**SOURCE DATA**
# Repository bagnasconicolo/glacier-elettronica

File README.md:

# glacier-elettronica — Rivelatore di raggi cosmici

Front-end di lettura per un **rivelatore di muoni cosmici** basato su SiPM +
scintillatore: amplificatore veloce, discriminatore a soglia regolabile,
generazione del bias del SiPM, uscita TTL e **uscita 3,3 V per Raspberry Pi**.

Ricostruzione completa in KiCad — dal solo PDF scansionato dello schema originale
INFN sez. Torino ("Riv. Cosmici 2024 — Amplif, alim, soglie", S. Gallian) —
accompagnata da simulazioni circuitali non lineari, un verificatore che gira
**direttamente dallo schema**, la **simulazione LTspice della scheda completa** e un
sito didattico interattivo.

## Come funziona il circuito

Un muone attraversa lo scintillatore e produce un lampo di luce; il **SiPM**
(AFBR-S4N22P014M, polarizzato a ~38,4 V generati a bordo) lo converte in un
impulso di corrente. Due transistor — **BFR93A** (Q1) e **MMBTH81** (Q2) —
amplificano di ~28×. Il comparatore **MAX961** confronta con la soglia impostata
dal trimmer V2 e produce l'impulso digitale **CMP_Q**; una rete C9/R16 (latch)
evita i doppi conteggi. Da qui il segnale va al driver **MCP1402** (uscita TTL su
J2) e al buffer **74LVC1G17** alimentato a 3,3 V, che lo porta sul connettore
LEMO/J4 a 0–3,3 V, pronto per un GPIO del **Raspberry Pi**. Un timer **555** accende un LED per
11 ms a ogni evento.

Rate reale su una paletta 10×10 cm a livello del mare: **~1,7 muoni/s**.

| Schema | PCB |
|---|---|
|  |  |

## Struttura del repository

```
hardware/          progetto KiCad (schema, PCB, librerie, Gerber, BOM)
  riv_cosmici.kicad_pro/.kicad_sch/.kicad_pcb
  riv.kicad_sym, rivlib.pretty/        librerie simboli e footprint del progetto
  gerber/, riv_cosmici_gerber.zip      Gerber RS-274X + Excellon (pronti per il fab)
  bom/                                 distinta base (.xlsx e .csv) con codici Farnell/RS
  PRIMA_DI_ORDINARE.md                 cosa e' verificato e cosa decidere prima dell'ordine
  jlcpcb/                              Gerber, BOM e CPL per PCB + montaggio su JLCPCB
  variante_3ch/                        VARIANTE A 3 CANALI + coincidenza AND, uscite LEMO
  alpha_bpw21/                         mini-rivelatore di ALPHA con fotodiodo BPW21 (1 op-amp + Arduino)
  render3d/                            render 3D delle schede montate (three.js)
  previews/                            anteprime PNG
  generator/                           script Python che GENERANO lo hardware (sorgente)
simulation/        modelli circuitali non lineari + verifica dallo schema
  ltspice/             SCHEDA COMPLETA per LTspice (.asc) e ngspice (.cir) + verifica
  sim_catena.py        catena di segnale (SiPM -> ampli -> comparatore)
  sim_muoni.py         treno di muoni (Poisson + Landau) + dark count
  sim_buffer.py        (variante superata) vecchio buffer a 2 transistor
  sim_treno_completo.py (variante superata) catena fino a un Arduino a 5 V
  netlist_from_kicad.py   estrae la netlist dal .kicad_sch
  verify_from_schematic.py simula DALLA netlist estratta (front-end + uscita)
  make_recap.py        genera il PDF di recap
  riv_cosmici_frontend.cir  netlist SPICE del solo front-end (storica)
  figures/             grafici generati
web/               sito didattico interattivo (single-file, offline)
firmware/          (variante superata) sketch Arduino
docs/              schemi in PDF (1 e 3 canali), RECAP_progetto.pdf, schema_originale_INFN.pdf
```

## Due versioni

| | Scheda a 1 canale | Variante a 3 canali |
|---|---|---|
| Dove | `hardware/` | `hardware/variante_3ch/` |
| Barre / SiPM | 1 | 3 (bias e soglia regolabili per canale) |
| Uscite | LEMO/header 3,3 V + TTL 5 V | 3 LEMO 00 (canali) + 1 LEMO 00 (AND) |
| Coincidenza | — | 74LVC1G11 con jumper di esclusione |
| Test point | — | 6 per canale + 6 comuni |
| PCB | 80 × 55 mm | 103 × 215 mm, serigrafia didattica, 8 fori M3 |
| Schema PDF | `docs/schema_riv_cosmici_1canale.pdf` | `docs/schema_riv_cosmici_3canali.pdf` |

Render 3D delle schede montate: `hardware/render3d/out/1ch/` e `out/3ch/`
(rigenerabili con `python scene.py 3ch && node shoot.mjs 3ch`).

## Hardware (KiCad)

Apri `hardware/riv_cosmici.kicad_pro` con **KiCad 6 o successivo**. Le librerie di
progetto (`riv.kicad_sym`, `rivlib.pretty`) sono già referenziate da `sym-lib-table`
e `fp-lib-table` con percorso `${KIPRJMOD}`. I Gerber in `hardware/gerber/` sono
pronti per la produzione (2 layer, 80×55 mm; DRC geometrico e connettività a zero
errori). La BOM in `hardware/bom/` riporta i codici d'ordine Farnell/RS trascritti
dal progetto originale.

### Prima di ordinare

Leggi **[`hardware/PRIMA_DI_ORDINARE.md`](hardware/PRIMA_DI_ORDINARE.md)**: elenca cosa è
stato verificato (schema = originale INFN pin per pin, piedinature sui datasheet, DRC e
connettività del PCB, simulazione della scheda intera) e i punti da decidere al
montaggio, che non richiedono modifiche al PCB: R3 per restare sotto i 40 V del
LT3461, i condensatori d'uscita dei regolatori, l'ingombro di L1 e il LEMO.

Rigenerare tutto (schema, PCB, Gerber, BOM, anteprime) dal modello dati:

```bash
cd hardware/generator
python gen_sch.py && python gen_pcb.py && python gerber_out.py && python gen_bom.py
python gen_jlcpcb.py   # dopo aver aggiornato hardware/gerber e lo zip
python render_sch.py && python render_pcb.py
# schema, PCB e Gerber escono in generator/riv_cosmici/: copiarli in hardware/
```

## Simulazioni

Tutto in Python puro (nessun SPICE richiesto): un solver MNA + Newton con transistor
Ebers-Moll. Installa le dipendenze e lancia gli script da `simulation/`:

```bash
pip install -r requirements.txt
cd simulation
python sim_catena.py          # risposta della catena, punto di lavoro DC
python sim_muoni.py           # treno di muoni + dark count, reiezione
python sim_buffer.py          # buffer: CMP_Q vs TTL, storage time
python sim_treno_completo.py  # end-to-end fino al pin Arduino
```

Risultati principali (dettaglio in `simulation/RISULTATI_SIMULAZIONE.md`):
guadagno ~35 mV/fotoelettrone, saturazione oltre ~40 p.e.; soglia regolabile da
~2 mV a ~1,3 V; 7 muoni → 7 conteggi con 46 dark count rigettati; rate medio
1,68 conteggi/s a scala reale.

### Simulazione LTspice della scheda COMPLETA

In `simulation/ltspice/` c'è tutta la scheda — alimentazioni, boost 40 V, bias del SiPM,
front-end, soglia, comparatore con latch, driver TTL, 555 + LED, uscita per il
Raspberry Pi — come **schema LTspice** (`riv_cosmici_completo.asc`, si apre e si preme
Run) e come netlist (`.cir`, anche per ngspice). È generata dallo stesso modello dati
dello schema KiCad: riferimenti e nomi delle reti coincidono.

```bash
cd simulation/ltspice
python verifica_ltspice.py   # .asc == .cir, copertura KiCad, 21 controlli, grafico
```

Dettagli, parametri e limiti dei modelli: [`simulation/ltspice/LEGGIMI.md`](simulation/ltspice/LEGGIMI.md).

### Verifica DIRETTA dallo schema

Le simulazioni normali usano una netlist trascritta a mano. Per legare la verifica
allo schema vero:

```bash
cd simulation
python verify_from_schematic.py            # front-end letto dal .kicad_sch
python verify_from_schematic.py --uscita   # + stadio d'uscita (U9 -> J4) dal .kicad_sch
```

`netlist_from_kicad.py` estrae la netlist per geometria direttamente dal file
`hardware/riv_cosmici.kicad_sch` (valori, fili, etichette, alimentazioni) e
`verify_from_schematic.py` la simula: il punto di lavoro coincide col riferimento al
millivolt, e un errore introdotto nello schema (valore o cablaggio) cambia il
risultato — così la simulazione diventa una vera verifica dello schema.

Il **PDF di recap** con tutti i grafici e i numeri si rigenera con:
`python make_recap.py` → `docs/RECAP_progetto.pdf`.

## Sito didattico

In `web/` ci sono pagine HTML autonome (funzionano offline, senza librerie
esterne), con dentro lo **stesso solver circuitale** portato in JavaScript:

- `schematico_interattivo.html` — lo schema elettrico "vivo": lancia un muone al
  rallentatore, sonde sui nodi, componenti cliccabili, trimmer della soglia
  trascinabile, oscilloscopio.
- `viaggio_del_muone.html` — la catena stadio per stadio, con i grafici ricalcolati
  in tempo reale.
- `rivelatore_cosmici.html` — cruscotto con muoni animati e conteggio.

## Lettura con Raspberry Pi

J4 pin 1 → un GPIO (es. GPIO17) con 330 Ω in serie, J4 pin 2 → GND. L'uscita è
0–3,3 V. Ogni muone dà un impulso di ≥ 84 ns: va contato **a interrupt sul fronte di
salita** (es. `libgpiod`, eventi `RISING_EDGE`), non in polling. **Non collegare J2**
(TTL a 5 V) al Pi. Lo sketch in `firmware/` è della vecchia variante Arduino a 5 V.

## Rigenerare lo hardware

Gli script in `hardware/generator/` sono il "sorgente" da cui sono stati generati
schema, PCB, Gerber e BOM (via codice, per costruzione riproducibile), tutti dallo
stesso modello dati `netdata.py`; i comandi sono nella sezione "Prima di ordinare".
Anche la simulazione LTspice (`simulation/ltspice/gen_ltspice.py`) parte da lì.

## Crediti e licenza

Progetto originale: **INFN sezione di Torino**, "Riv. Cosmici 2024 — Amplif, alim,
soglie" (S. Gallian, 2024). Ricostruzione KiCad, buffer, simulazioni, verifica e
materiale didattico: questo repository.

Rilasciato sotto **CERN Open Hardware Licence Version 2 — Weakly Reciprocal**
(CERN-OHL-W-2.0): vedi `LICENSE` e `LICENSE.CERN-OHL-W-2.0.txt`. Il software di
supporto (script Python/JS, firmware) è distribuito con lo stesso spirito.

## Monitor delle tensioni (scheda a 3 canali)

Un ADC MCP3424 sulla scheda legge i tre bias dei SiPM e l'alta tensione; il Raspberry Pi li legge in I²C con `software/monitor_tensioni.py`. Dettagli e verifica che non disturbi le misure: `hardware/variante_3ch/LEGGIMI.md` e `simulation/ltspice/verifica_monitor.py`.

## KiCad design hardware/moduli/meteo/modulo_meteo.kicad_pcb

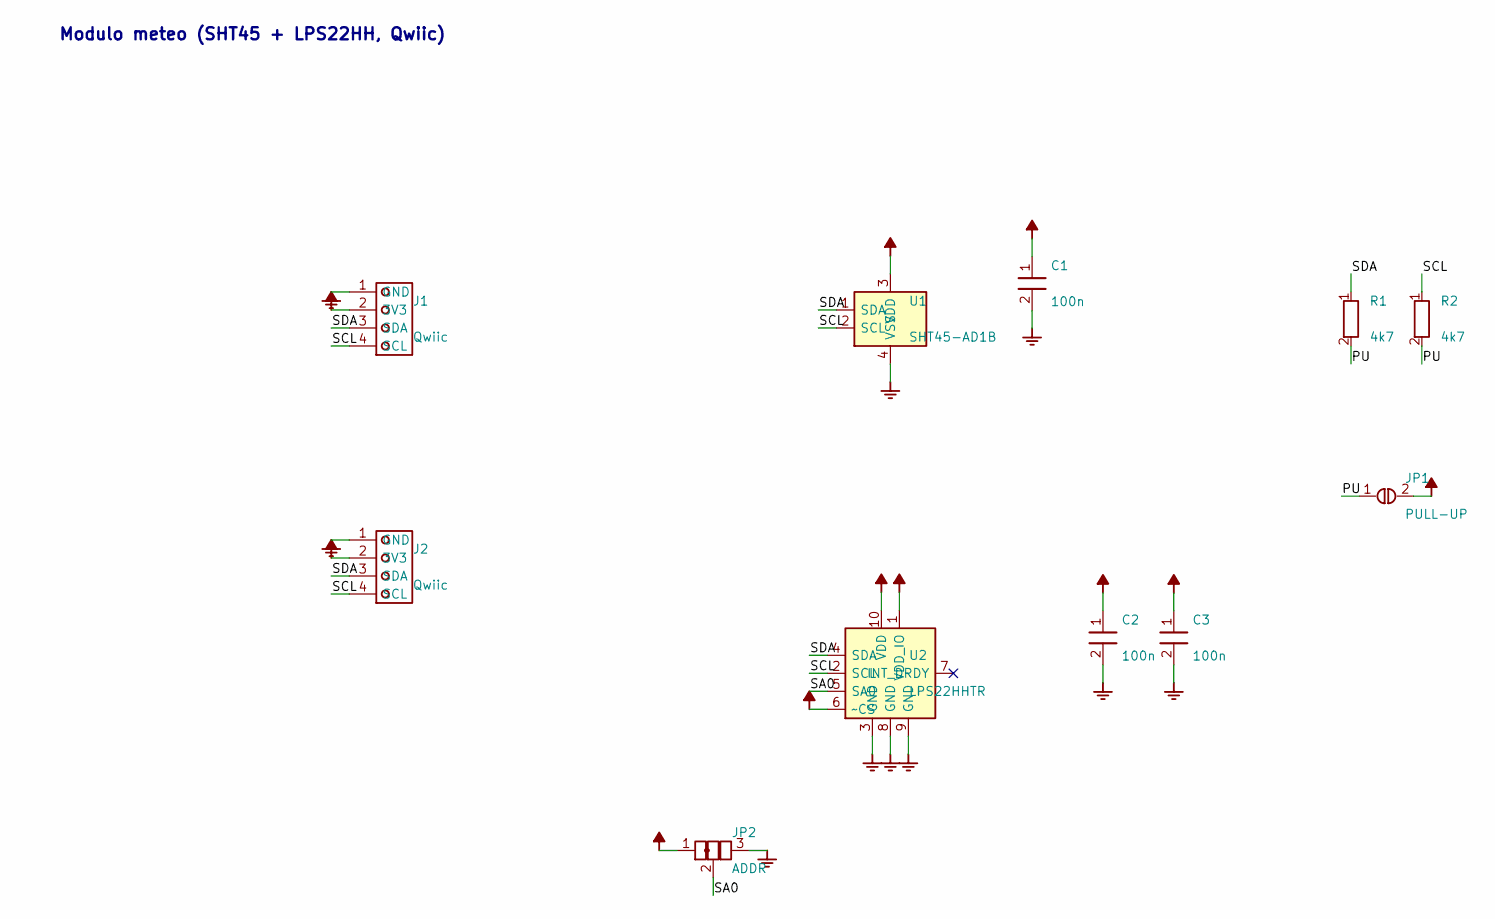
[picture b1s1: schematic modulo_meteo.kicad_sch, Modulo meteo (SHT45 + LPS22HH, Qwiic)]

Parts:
C1, C2, C3: 100n; C_0603_1608Metric
J1, J2: Qwiic; JST_SH_SM04B-SRSS-TB_1x04-1MP_P1.00mm_Horizontal
JP1: PULL-UP; SolderJumper-2_P1.3mm_Open_RoundedPad1.0x1.5mm
JP2: ADDR; SolderJumper-3_P1.3mm_Bridged12_RoundedPad1.0x1.5mm
R1, R2: 4k7; R_0603_1608Metric
U1: SHT45-AD1B; Sensirion_DFN-4_1.5x1.5mm_P0.8mm_SHT4x_KeepoutCentro
U2: LPS22HHTR; ST_HLGA-10_2x2mm_P0.5mm_LayoutBorder3x2y

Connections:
+3V3: C1.1, C2.1, C3.1, J1.2 (3V3), J2.2 (3V3), JP1.2, JP2.1, U1.3 (VDD), U2.1 (VDD_IO), U2.6 (~CS), U2.10 (VDD)
GND: C1.2, C2.2, C3.2, J1.1 (GND), J2.1 (GND), JP2.3, U1.4 (VSS), U2.3 (GND), U2.8 (GND), U2.9 (GND)
PU: JP1.1, R1.2, R2.2
SA0: JP2.2, U2.5 (SA0)
SCL: J1.4 (SCL), J2.4 (SCL), R2.1, U1.2 (SCL), U2.2 (SCL)
SDA: J1.3 (SDA), J2.3 (SDA), R1.1, U1.1 (SDA), U2.4 (SDA)

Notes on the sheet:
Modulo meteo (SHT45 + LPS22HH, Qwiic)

**TASK OBJECTIVE**
In this exercise, copy only the lines from the opening line of the material through the line where "scintillatore: amplificatore veloce, discriminatore" appears.

**REPLY TO THE EXERCISE**
# Repository bagnasconicolo/glacier-elettronica

File README.md:

# glacier-elettronica — Rivelatore di raggi cosmici

Front-end di lettura per un **rivelatore di muoni cosmici** basato su SiPM +
scintillatore: amplificatore veloce, discriminatore a soglia regolabile,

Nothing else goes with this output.